Why transpile SPL into Spark? Because a huge amount of domain knowledge is locked up in the Splunk ecosystem, but Splunk is not always the optimal place to store and analyze data. Transpiling existing queries can make it easier for analysts and analytics to migrate iteratively onto other platforms. SPL is also a very laser-focused language for certain analytics, and in most cases it's far more concise than other languages (PySpark or SQL) at log processing tasks. Therefore, it may be preferable to continue writing queries in SPL and use a transpiler layer to make that syntax viable on various platforms.

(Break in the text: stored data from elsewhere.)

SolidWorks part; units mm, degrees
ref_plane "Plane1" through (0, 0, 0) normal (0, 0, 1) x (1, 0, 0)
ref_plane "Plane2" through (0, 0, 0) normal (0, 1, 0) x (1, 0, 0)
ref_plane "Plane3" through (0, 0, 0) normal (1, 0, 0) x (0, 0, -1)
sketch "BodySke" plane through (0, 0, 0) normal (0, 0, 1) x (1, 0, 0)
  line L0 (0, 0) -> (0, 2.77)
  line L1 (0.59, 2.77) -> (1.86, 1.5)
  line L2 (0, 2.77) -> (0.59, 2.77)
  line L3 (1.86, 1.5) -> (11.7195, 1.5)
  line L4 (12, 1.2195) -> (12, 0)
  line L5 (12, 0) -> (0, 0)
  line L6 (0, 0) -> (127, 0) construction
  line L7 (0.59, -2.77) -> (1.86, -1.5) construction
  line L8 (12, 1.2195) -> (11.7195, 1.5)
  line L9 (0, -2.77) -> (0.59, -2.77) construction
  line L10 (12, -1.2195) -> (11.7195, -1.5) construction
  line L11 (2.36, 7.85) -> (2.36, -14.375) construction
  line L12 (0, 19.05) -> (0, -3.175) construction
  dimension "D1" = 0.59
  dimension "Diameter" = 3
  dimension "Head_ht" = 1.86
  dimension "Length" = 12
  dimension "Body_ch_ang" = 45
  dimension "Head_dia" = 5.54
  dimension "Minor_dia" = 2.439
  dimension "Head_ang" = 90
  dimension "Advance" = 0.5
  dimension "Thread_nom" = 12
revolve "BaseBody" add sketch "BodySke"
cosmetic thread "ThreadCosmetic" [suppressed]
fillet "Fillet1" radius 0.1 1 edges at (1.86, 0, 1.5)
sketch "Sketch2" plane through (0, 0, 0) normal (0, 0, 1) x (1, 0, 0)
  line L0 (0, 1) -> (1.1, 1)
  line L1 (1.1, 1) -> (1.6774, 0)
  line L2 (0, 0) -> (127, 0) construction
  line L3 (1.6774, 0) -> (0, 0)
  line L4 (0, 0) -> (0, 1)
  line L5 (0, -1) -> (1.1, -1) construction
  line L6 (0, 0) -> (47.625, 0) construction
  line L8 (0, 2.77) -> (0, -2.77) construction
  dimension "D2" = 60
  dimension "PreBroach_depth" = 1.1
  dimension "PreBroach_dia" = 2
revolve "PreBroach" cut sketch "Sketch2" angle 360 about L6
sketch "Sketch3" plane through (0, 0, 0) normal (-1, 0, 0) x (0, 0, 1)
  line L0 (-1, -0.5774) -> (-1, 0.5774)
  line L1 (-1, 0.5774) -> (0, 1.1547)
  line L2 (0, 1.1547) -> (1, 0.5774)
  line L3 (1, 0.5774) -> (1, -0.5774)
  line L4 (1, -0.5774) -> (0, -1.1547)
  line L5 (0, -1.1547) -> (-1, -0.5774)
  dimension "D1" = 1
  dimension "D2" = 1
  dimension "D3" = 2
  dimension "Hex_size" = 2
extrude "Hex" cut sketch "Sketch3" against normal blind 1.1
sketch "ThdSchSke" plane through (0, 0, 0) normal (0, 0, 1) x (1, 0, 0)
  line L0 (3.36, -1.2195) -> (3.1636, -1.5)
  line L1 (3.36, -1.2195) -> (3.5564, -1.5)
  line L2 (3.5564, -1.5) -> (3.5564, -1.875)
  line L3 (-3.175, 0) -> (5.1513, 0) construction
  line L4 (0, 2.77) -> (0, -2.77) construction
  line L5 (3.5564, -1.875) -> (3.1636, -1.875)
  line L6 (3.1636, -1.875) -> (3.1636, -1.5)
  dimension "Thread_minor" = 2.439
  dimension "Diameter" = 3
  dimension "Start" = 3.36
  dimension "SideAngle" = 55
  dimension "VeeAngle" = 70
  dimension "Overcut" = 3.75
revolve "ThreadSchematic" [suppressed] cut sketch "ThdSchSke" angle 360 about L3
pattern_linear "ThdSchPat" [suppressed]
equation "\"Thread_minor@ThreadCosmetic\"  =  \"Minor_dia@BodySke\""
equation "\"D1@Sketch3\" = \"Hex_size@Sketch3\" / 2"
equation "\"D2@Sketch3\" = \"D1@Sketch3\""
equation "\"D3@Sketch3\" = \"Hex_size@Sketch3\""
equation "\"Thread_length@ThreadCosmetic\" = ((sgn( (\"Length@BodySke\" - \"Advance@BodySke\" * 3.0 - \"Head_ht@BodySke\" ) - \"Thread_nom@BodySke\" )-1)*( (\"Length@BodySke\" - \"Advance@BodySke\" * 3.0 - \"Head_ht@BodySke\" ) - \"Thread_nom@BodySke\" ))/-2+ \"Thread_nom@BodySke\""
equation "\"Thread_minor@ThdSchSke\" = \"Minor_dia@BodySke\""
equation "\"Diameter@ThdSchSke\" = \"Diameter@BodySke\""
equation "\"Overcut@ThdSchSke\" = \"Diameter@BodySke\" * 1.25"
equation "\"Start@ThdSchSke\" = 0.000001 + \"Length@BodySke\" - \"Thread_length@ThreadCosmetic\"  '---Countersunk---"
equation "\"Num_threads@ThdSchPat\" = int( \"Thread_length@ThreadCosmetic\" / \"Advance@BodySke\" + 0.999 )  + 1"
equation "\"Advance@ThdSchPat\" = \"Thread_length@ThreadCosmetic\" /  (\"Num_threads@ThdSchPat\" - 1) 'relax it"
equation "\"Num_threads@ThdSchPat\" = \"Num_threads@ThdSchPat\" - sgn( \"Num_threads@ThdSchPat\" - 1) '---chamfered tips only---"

Why rewrite the Databricks Lab transpiler? A few reasons:

  1. The original transpiler is written in Scala and assumes access to a Spark environment. That requires a JVM to execute and possibly a whole ecosystem of software (maybe even a running Spark cluster) to be available. This transpiler stands alone and compiles natively to any platform.
  2. While Scala is a common language in the Spark ecosystem, Spark isn't the only ecosystem that would benefit from having an SPL transpiler. By providing a transpiler that's both easy to use in Python and directly linkable at a system level, it becomes easy to embed and adapt the transpiler for any other use case too.
  3. Speed. Scala's plenty fast, to be honest, but Rust is mind-numbingly fast. This transpiler can parse SPL queries and generate equivalent Python code in a fraction of a millisecond. This makes it viable to treat the transpiler as a realtime component, for example embedding it in a UI and re-computing the converted results after every keystroke.
  4. Maintainability. Rust's type system helps keep things unambiguous as data passes through parsers and converters, and built-in unit testing makes it easy to adapt and grow the transpiler without risk of breaking existing features. While Rust is undoubtedly a language with a learning curve, the resulting code is very hard to break without noticing. This makes it much easier to maintain than a similarly complicated system would be in Python.

Contributing

This project is in early development. While it parses most common SPL queries and can convert a non-trivial variety of queries to PySpark, it's extremely limited and not yet ready for any serious usage. However, it lays a solid foundation for the whole process and is modular enough to easily add incremental features to.

Ways to contribute:

  • Add SPL queries and what the equivalent PySpark could would be. These test cases can drive development and prioritize the most commonly used features.
  • Add support for additional functions and commands. While the SPL parser works for most commands, many do not yet the ability to render back out to PySpark. Please see /src/pyspark/transpiler/command/eval_fns.rs and /convert_fns.rs to add support for more in-command functions, and /src/pyspark/transpiler/command/mod.rs to add support for more top-level commands.

Future

  • Add UI (with textual) for interactive demonstration/use

Project details


Download files

Download the file for your platform. If you're not sure which to choose, learn more about installing packages.

Source Distribution

spl_transpiler-0.1.1.tar.gz (58.2 kB view hashes)

Uploaded Source

Built Distributions

spl_transpiler-0.1.1-pp310-pypy310_pp73-musllinux_1_2_x86_64.whl (868.6 kB view hashes)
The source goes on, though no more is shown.